Yes, I know most people here know him as the Bussard Ramjet guy. But he was also the Polywell guy ;) He's was hardly the guy you'd want to be citing for "mainstream" fusion commentary even back in 2006.

(Also for the record, Bussard Ramjets don't work either).

Comment Re:The papers suggest ARC could produce more energ (Score 3, Informative) 87

more like the type most understood to not work.

Simply false. The Q factor is eminently predictable with scale.

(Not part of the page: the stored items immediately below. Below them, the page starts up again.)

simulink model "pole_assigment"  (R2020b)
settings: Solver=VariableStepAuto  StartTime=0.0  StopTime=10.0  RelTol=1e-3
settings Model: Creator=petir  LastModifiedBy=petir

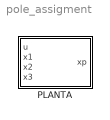
== system pole_assigment ==
  PLANTA : MATLAB Function  TreatAsAtomicUnit=on

== matlab function pole_assigment/PLANTA ==
  data: u input; xp output; x1 input; x2 input; x3 input
function xp = fcn(u, x1, x2, x3)
% Parametros
A = [0 1 0; 0 0 1; -1 -5 -6]
B = [0; 0; 1];
% Vector 
x = [x1; x2; x3;]

% Planta
xp = A * x + B * u;
simulink model "Control_v7_PID"  (R2020b)
settings: Solver=FixedStepAuto  StartTime=0.0  StopTime=t_sim  FixedStep=TimeStep  RelTol=1e-3
values from neighbouring files (symbols this model uses):
  date_IGRF = [date.year,date.month,date.day]    [main_SCA_v3.m]    (also in main_SCA_v3_alt.m; main_SCA_v4_LQR.m; main_SCA_v5.m)
  MODE = 2    [main_SCA_v3.m]    (also in main_SCA_v3_alt.m; main_SCA_v4_LQR.m; main_SCA_v5.m = 1)
  nmax = 2    [main_SCA.m]    (also in main_SCA_v3.m; main_SCA_v3_alt.m; main_SCA_v4_LQR.m; main_SCA_v5.m)
  Use_IGRF = 0    [main_SCA.m]    (also in main_SCA_v3.m; main_SCA_v3_alt.m; main_SCA_v4_LQR.m; main_SCA_v5.m = 1)
undefined symbols (not defined in the file or in its folder): att, date, deg, DipoleMod, DiscIntNeverNeededParam, IonSataero, km, orbit, rad, s, sat
libraries: vrlib x20, aerolibutil x15, aerolibconvert2 x14, dspmathops x13, sharedtransform x12, simulink x5, sharedutil x3, simulink_extras x2, dspstat3 x1, aerolibatmos2 x1, aerolibobsolete x1, aerolibcelestial x1
(part 3 of 3)

== system Control_v7_PID/Disturbance Torques/Aerodynamic Model/Get Density ==
  note: Altitude (distance to center of earth)
  <XYZ_ECI> : Inport
  DOY : Inport  Port=2
  "DCM_i2e " : Inport  Port=3
  Demux1 : Demux  Outputs=3
  Dot Product - magnitude squared : DotProduct  InputSameDT=on  OutDataTypeStr=Inherit: Inherit via internal rule
  ECI To LLA : MATLAB Function  TreatAsAtomicUnit=on
  Lookup - Air density : Lookup  InputValues=IonSataero.alt_range*1000 + 6378100  Table=IonSataero.av_density_vs_alt
  MATLAB Function2 : MATLAB Function  TreatAsAtomicUnit=on
  Mux2 : Mux  Inputs=3
  NRLMSISE-00 Atmosphere Model : aerolibatmos2/NRLMSISE-00 Atmosphere Model  units=Metric (MKS)  lst_input=off  flux_ap_input=off  flags_input=Internal  flags=ones(1,23)  oxygen_in=on  action=Warning
      settings: SourceProductBaseCode=AE
  Product : Product  Multiplication=Matrix(*)
  Reshape : Reshape  OutputDimensionality=Row vector (2-D)
  Scope : Scope  NumInputPorts=2
  Terminator : Terminator
  sqrt : Math  Operator=sqrt  SignedPower=on  SaturateOnIntegerOverflow=on
  Density Lookup table : Outport
  Density NRLMSISE : Outport  Port=2
  wires:
  Dot Product - magnitude squared/1 -> sqrt/1
  Lookup - Air density/1 -> Scope/1, Density Lookup table/1  "Density Lookup"
  sqrt/1 -> Lookup - Air density/1
  DOY/1 -> Demux1/1
  Demux1/1 -> NRLMSISE-00 Atmosphere Model/2
  Demux1/2 -> NRLMSISE-00 Atmosphere Model/3
  NRLMSISE-00 Atmosphere Model/2 -> MATLAB Function2/1(u)
  Demux1/3 -> NRLMSISE-00 Atmosphere Model/4
  Mux2/1 -> NRLMSISE-00 Atmosphere Model/1
  NRLMSISE-00 Atmosphere Model/1 -> Terminator/1
  MATLAB Function2/1(y) -> Scope/2, Density NRLMSISE/1  "Density NRLMSISE"
  Reshape/1 -> Product/1
  "DCM_i2e "/1 -> Product/2  "DCM_i2e"
  <XYZ_ECI>/1 -> Reshape/1, Dot Product - magnitude squared/1, Dot Product - magnitude squared/2
  Product/1 -> ECI To LLA/1(X_ECEF)
  ECI To LLA/2(lat) -> Mux2/1
  ECI To LLA/3(long) -> Mux2/2
  ECI To LLA/1(h) -> Mux2/3

== system Control_v7_PID/IGRF Computation block/Obtain B_ECI/Dipole Subsystem ==
  In1 : Inport
  Action Port : ActionPort  ActionPortLabel=else
  Bus Selector1 : BusSelector  OutputSignals=h,lat,long,DCM_i2e
  Dipole Model : Subsystem  AncestorBlock=DipoleModel/Dipole Model
  "B_ECI " : Outport  VectorParamsAs1DForOutWhenUnconnected=off
  wires:
  In1/1 -> Bus Selector1/1
  Bus Selector1/1 -> Dipole Model/1(h)  "<h>"
  Bus Selector1/2 -> Dipole Model/2("lat ")  "<lat>"
  Bus Selector1/3 -> Dipole Model/3(long)  "<long>"
  Bus Selector1/4 -> Dipole Model/4(ECI2ECEF_DCM)  "<DCM_i2e>"
  Dipole Model/1("B_ECI ") -> "B_ECI "/1

== system Control_v7_PID/IGRF Computation block/Obtain B_ECI/IGRF Subsystem ==
  In1 : Inport
  Action Port : ActionPort  ActionPortLabel=if(u1 > 0)
  Bus Selector : BusSelector  OutputSignals=DCM_i2e,h,lat,long,time_UTC
  International Geomagnetic Reference Field 12 : aerolibobsolete/International Geomagnetic Reference Field 12  units=Metric (MKS)  time_in=on  month=January  day=1  year=2020  action=None  sv_out=on
      settings: SourceProductBaseCode=AE
  Mux : Mux  Inputs=3
  NED to ECEF : MATLABFcn  MATLABFcn=NED2ecef  OutputDimensions=[3;1]  Output1D=off
  Permute Dimensions : PermuteDimensions
  Product : Product  Multiplication=Matrix(*)
  T to nT : Gain  Gain=1E-9
  Terminator{1..9} (9 alike) : Terminator
  Out1 : Outport  VectorParamsAs1DForOutWhenUnconnected=off
  wires:
  In1/1 -> Bus Selector/1
  Bus Selector/2 -> International Geomagnetic Reference Field 12/1  "<h>"
  T to nT/1 -> Out1/1
  Bus Selector/5 -> International Geomagnetic Reference Field 12/4  "<time_UTC>"
  Bus Selector/4 -> Mux/3, International Geomagnetic Reference Field 12/3  "<long>"
  Bus Selector/3 -> Mux/2, International Geomagnetic Reference Field 12/2  "<lat>"
  International Geomagnetic Reference Field 12/2 -> Terminator1/1
  International Geomagnetic Reference Field 12/10 -> Terminator9/1
  International Geomagnetic Reference Field 12/4 -> Terminator3/1
  International Geomagnetic Reference Field 12/5 -> Terminator4/1
  International Geomagnetic Reference Field 12/3 -> Terminator2/1
  International Geomagnetic Reference Field 12/1 -> Mux/1
  International Geomagnetic Reference Field 12/6 -> Terminator5/1
  International Geomagnetic Reference Field 12/8 -> Terminator7/1
  International Geomagnetic Reference Field 12/7 -> Terminator6/1
  International Geomagnetic Reference Field 12/9 -> Terminator8/1
  Bus Selector/1 -> Permute Dimensions/1  "<DCM_i2e>"
  Permute Dimensions/1 -> Product/1
  Product/1 -> T to nT/1
  Mux/1 -> NED to ECEF/1
  NED to ECEF/1 -> Product/2

== system Control_v7_PID/Physical Model/6DOF in ECI frame/Compute Q_ECI ==
  note: https://arxiv.org/pdf/0811.2889.pdf
      | $ω = 2q^*\frac{dq}{dt}$ (13)
      |
      | $\frac{dq}{dt} = \frac{1}{2} q * ω$ (14)
  <Q_ECI> : Inport
  Omega_body : Inport  Port=2
  Gain : Gain  Gain=1/2
  Ground : Ground
  Integrator_quat : Integrator  InitialCondition=[1 0 0 0]
  Mux : Mux  Inputs=2
  Quaternion Multiplication : aerolibutil/Quaternion Multiplication
  Quaternion Normalize : sharedutil/Quaternion Normalize  aMode=aMode
      settings: SourceProductBaseCode=AE,PW,DR,MT,UV,VE
  Q_ECI : Outport  VectorParamsAs1DForOutWhenUnconnected=off
  wires:
  Quaternion Multiplication/1 -> Gain/1
  Omega_body/1 -> Mux/2
  Ground/1 -> Mux/1
  Mux/1 -> Quaternion Multiplication/2
  <Q_ECI>/1 -> Quaternion Multiplication/1
  Integrator_quat/1 -> Quaternion Normalize/1
  Gain/1 -> Integrator_quat/1
  Quaternion Normalize/1 -> Q_ECI/1  "Q_ECI"

== system Control_v7_PID/Physical Model/Magnetorquer physics/Magnétocoupleur 1 ==
  note: les grounds représentant les limites en
      |  moment magnétique du magnétocoupleur (lié à l'intensité)
      | A définir
  m_in (scalar) : Inport
  Constant1 : Constant  Value=sat.mag_t.max_mm1
  Constant2 : Constant  Value=- sat.mag_t.max_mm1
  Constant6 : Constant  Value=sat.mag_t.axe1
  Product : Product
  Saturation Dynamic : simulink/Discontinuities/Saturation Dynamic  OutMin=[]  OutMax=[]  OutDataTypeStr=Inherit: Same as second input  OutDataType=fixdt(1, 16)  OutScaling=2^-10  DoSatur=off
  m_out (vect) : Outport  VectorParamsAs1DForOutWhenUnconnected=off
  wires:
  m_in (scalar)/1 -> Saturation Dynamic/2
  Constant2/1 -> Saturation Dynamic/3
  Constant1/1 -> Saturation Dynamic/1
  Saturation Dynamic/1 -> Product/1
  Product/1 -> m_out (vect)/1
  Constant6/1 -> Product/2

== system Control_v7_PID/Physical Model/Magnetorquer physics/Magnétocoupleur 2 ==
  note: les grounds représentant les limites en
      |  moment magnétique du magnétocoupleur (lié à l'intensité)
      | A définir
  m_in (scalar) : Inport
  Constant : Constant  Value=- sat.mag_t.max_mm2
  Constant1 : Constant  Value=sat.mag_t.max_mm2
  Constant6 : Constant  Value=sat.mag_t.axe2
  Product : Product
  Saturation Dynamic : simulink/Discontinuities/Saturation Dynamic  OutMin=[]  OutMax=[]  OutDataTypeStr=Inherit: Same as second input  OutDataType=fixdt(1, 16)  OutScaling=2^-10  DoSatur=off
  m_out (vect) : Outport  VectorParamsAs1DForOutWhenUnconnected=off
  wires:
  m_in (scalar)/1 -> Saturation Dynamic/2
  Constant/1 -> Saturation Dynamic/3
  Constant1/1 -> Saturation Dynamic/1
  Product/1 -> m_out (vect)/1
  Constant6/1 -> Product/2
  Saturation Dynamic/1 -> Product/1

== system Control_v7_PID/Physical Model/Magnetorquer physics/Magnétocoupleur 3 ==
  note: les grounds représentant les limites en
      |  moment magnétique du magnétocoupleur (lié à l'intensité)
      | A définir
  m_in (scalar) : Inport
  Constant1 : Constant  Value=sat.mag_t.max_mm3
  Constant2 : Constant  Value=- sat.mag_t.max_mm3
  Constant6 : Constant  Value=sat.mag_t.axe3
  Product : Product
  Saturation Dynamic : simulink/Discontinuities/Saturation Dynamic  OutMin=[]  OutMax=[]  OutDataTypeStr=Inherit: Same as second input  OutDataType=fixdt(1, 16)  OutScaling=2^-10  DoSatur=off
  m_out (vect) : Outport  VectorParamsAs1DForOutWhenUnconnected=off
  wires:
  m_in (scalar)/1 -> Saturation Dynamic/2
  Constant2/1 -> Saturation Dynamic/3
  Constant1/1 -> Saturation Dynamic/1
  Product/1 -> m_out (vect)/1
  Constant6/1 -> Product/2
  Saturation Dynamic/1 -> Product/1

== system Control_v7_PID/Physical Model/Thruster/If Action Subsystem ==
  In1 : Inport
  Action Port : ActionPort  ActionPortLabel=if(u1)
  Out1 : Outport
  wires:
  In1/1 -> Out1/1

== system Control_v7_PID/Physical Model/Thruster/If Action Subsystem1 ==
  In1 : Inport
  Action Port : ActionPort  ActionPortLabel=else
  Out1 : Outport
  wires:
  In1/1 -> Out1/1

== system Control_v7_PID/Attitude Controller/PID (nominal command)/"true"power consumption/If Action Subsystem1 ==
  rate rpm : Inport
  Action Port : ActionPort  ActionPortLabel=elseif(u1 < -1)
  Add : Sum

It is by far the most predictable form of high-Q factor fusion (outside of gravitational, and we're not going there any time soon ;) )

as Robert Bussard said in his famous Google TechTalk in Nov 2006

What, you mean BEFORE we got commercial-scale HTS magnets that scale down the size requirements by an order of magnitude?

Also, pointing to things like ITER to say that cost-effective fusion is impossible is like pointing to the ISS and saying SpaceX is impossible.

And also pointing to a single person's two decades-old view as if it represents a whole field, today (FYI, it doesn't, at all) is pretty damned funny.

Comment Re:The papers suggest ARC could produce more energ (Score 1) 87

All these commenters who think they're so smart coming out with the same "Fusion power is 20 years away and always will be, har har har!"-quip who don't know a damned thing about the field and its progression is so tiring. One error with neutron measurements at ZETA before we even knew what we were doing, and the entire field was turned into a permanent joke, even as Q factors continued to climb almost monotonically. The press had their story and now we're cursed with an endless stream of these people.